# 2014 Chev Cruze LT Engine Squealing



## bljensen2005 (Sep 4, 2017)

Help! I'm new to his site--- looking for help! My 2014 Chevy Cruze LT just started making this noise yesterday. The Engine light also came on.... Am wondering if anyone has any ideas?? It doesn't seem to be coming from the belt and doesn't change frequency/sound with increases or decreases in RPM or A/C use. It's a steady sound--- seems to come from one of the hoses attached to the engine block??? Thoughts!!???


----------



## bljensen2005 (Sep 4, 2017)

*VIDEO/2014 Chev Cruze LT making squealing noise*

https://youtu.be/8XoXe26iYNgHelp! I'm new here and need help figuring out what this noise is coming from what seems like one of the hoses attached to the engine block.
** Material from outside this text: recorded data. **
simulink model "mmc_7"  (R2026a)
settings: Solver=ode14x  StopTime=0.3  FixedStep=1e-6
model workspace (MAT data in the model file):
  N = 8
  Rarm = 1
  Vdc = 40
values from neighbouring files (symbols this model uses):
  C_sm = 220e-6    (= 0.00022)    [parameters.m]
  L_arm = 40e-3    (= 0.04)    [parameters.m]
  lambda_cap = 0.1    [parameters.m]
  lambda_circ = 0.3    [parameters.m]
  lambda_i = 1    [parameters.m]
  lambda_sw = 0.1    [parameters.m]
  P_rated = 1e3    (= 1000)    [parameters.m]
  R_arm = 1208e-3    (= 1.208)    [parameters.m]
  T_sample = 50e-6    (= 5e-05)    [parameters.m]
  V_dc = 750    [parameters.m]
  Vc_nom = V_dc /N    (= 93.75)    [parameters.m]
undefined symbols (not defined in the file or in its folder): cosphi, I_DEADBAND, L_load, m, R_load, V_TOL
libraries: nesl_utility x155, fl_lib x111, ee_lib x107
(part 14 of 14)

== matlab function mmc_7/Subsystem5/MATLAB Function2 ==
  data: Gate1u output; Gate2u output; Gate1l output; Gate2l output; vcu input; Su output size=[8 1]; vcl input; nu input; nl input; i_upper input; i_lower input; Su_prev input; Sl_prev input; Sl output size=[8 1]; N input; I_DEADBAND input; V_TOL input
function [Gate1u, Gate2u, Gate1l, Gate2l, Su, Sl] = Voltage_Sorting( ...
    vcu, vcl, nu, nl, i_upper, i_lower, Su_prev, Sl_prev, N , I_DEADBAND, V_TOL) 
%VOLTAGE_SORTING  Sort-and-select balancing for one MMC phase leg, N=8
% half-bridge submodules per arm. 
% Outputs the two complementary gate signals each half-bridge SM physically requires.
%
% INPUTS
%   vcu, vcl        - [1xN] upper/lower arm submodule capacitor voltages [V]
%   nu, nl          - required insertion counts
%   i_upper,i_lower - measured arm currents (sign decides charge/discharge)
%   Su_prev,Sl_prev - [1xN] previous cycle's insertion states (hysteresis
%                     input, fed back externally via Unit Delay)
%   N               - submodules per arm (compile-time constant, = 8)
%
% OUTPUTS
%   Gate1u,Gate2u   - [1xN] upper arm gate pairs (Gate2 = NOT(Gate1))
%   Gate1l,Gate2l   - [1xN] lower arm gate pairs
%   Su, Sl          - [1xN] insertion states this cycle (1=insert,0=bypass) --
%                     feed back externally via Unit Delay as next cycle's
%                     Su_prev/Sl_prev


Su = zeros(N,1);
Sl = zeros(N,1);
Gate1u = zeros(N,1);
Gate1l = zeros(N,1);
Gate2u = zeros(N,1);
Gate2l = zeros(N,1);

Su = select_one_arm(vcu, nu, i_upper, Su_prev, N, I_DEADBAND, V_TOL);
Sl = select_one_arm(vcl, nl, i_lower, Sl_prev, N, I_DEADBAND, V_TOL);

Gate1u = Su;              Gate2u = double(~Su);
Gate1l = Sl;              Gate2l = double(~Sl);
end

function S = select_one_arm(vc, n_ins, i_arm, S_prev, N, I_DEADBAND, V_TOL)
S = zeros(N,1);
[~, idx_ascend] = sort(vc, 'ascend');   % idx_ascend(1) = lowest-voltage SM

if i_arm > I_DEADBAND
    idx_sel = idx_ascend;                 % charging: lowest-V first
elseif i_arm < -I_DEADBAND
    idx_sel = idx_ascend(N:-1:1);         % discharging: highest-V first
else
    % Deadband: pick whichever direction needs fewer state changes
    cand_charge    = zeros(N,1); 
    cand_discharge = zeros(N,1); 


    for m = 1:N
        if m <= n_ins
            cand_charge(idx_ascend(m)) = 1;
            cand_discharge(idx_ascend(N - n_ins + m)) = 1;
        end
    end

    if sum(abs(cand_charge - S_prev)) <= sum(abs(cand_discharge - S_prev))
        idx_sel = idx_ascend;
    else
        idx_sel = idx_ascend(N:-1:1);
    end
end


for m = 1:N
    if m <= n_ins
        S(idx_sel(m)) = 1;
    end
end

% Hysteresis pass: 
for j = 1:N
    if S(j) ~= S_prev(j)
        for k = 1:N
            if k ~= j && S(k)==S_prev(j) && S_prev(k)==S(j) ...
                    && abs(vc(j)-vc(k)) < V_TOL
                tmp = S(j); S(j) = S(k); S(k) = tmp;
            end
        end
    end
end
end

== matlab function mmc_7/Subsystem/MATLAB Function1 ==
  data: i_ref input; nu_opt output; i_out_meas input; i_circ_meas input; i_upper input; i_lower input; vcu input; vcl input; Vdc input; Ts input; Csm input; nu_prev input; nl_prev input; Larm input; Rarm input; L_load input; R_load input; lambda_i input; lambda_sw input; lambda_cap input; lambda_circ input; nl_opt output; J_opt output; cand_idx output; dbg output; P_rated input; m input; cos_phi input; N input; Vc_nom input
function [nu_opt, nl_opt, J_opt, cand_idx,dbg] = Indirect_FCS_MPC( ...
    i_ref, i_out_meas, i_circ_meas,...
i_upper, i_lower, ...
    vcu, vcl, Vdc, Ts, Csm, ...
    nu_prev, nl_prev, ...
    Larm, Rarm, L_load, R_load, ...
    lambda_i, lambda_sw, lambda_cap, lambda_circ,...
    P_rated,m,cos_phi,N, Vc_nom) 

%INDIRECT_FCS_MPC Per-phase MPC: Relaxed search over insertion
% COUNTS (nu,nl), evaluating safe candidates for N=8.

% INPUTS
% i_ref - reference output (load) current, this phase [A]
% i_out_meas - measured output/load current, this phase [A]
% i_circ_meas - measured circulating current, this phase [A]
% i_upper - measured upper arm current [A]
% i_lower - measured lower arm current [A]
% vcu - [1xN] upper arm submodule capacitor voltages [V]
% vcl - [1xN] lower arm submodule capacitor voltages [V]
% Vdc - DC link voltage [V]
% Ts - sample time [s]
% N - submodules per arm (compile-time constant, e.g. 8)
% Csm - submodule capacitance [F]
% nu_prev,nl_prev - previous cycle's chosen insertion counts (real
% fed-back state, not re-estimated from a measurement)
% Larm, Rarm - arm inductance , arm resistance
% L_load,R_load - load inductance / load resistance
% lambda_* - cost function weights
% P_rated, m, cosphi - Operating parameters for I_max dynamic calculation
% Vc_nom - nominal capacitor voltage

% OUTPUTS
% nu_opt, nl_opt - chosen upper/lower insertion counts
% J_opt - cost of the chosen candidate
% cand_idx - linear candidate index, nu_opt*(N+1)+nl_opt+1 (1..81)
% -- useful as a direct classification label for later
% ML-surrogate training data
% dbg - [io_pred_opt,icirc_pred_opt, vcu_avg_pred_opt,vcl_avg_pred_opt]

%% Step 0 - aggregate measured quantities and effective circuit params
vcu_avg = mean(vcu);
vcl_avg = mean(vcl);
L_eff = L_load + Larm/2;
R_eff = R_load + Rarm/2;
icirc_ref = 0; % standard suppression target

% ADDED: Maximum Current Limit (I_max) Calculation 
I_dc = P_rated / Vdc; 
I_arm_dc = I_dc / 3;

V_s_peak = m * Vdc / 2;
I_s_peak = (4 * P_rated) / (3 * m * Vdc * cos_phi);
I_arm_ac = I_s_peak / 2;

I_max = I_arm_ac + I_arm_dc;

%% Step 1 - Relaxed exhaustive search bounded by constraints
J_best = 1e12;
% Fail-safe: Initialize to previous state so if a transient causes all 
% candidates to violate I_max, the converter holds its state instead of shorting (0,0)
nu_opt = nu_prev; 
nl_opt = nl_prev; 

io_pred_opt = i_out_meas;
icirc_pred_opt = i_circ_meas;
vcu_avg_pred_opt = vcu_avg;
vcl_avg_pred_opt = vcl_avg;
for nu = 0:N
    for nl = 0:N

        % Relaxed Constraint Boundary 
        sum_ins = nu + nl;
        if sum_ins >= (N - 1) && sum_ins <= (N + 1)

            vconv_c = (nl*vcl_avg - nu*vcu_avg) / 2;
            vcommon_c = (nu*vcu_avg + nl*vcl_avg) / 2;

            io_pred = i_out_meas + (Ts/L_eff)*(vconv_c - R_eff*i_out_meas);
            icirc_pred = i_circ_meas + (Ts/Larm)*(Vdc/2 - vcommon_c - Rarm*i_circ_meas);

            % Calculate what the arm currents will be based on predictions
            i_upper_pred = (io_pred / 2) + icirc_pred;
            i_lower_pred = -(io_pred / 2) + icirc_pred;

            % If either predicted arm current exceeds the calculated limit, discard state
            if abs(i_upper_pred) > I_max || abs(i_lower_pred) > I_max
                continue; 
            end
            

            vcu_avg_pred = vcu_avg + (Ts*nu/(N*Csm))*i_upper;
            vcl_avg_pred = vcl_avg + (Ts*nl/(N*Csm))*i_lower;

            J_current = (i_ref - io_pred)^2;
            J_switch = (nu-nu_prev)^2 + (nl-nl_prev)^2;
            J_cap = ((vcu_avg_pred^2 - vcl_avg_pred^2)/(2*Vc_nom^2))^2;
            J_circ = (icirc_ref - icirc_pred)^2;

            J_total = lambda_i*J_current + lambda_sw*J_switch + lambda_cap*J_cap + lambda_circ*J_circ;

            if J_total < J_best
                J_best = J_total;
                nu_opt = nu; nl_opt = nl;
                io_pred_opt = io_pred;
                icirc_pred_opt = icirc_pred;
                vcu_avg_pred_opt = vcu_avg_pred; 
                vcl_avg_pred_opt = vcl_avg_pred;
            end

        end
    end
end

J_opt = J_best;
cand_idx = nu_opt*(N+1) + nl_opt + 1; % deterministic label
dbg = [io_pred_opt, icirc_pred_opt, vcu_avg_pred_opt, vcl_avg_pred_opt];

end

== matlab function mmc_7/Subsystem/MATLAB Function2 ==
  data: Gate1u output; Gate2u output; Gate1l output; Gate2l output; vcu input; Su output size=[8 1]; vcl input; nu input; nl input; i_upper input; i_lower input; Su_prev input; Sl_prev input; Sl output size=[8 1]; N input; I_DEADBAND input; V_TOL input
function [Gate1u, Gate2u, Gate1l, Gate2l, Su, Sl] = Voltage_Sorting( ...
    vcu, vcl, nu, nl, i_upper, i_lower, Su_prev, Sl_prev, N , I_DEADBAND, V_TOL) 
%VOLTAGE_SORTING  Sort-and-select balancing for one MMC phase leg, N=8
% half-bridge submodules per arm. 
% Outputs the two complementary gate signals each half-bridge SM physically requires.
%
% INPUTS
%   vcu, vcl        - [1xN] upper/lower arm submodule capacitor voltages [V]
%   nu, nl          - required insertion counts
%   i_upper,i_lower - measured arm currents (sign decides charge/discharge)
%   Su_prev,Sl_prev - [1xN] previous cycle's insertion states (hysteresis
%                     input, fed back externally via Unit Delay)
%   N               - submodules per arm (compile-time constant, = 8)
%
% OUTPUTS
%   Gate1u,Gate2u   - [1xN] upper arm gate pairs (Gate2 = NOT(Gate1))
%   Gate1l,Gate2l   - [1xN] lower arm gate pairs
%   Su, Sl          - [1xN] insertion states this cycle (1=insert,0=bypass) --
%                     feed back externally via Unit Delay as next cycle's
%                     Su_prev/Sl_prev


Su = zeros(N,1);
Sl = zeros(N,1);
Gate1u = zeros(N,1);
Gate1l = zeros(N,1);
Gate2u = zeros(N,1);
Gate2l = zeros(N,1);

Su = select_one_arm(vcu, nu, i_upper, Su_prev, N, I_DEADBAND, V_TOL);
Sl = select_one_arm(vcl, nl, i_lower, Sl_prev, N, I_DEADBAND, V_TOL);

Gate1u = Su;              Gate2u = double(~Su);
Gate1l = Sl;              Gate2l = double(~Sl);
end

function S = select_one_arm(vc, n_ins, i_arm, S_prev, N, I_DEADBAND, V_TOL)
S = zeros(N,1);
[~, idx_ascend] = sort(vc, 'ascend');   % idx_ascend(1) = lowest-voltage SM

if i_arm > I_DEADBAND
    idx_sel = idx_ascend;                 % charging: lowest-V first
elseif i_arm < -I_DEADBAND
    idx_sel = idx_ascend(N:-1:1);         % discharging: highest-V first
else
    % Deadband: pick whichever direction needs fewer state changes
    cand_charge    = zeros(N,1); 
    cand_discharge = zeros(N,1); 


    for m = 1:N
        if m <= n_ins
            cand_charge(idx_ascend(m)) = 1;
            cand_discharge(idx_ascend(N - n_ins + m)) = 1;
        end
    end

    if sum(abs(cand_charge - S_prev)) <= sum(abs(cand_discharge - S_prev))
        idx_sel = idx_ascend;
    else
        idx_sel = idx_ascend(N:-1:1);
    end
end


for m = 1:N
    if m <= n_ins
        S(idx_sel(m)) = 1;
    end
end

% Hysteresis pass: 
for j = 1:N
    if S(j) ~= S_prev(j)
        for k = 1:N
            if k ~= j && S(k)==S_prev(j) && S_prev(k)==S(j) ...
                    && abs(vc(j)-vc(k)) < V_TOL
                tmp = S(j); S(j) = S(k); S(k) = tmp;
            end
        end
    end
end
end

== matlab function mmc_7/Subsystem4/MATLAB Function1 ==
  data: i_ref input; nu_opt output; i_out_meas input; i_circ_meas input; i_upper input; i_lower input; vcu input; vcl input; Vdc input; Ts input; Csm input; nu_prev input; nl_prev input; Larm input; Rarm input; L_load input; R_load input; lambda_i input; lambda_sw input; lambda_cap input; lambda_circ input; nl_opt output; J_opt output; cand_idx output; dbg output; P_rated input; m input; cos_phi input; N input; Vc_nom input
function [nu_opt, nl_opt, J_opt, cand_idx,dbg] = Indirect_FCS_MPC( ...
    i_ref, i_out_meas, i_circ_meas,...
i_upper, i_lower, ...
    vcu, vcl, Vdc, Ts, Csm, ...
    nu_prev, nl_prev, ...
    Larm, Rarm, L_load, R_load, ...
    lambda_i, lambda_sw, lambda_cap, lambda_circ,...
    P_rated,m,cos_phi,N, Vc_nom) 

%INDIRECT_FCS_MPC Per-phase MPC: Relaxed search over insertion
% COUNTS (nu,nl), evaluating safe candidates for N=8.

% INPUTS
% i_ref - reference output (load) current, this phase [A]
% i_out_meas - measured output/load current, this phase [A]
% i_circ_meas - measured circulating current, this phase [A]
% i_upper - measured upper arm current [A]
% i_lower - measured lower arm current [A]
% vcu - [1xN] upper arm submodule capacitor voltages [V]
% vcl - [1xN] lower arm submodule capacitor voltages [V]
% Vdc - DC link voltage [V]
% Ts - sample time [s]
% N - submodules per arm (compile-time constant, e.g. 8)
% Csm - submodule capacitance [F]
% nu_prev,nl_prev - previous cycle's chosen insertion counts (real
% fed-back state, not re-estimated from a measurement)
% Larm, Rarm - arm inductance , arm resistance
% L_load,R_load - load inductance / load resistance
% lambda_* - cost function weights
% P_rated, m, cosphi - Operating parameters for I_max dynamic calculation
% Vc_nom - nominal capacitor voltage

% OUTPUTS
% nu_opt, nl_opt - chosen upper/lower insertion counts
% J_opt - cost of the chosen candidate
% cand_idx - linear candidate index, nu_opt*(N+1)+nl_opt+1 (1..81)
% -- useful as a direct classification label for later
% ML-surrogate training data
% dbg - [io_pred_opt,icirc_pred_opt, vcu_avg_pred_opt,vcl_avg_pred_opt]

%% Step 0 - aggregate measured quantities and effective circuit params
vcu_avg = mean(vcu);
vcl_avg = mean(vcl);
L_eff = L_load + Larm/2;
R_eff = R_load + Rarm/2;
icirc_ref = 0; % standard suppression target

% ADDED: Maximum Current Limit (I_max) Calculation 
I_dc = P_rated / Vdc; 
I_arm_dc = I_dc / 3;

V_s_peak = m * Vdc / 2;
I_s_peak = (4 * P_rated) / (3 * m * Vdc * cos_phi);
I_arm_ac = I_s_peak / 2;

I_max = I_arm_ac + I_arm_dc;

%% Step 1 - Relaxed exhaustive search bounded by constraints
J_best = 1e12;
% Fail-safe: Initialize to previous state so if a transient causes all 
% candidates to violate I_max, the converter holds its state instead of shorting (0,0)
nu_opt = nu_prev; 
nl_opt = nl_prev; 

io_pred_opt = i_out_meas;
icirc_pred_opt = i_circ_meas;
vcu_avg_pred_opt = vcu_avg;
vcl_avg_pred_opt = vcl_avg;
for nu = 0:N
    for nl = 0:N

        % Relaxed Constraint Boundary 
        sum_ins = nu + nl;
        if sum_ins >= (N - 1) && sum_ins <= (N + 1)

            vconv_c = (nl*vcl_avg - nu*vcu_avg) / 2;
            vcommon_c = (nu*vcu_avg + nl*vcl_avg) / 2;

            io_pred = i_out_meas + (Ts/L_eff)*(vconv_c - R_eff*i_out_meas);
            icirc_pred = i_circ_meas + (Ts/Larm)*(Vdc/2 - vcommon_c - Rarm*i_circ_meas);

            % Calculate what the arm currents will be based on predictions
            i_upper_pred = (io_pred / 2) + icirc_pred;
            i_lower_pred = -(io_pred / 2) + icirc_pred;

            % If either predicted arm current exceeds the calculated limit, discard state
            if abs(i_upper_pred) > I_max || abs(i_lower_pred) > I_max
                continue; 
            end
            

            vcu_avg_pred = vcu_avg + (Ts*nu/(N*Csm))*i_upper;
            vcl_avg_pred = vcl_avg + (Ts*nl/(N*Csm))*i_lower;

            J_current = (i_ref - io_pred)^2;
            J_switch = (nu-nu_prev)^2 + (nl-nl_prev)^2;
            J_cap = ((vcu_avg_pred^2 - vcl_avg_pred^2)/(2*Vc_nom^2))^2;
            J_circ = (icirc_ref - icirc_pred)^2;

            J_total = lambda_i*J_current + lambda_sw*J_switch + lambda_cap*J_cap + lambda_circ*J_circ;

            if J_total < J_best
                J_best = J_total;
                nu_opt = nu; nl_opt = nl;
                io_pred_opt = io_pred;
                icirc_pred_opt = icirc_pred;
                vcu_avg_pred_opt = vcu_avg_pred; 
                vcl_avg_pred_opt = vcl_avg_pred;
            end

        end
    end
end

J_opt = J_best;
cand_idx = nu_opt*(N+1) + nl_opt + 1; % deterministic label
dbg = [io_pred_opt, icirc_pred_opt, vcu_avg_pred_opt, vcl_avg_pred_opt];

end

Service engine light came on yesterday, about the same time this noise started. Thoughts??? Thanks, Leslie from WI


----------



## Taxman (Aug 10, 2017)

bljensen2005 said:


> Thoughts!!???


http://www.cruzetalk.com/forum/34-g...liminated-removing-oil-dipstick-oil-fill.html


----------



## CruzeTech (Mar 23, 2012)

*VIDEO/2014 Chev Cruze LT making squealing noise*

Have you owned the car since new? If you have, did you have the valve cover recall done on it? There is a faulty PCV valve out there, that’s giving people a lot of headache. The dealer will take care of it for you, if that’s what it is. Mine didn’t sound exactly like that, it was more intermittent, but that’s close to what it sounds like when you let it go for a while. 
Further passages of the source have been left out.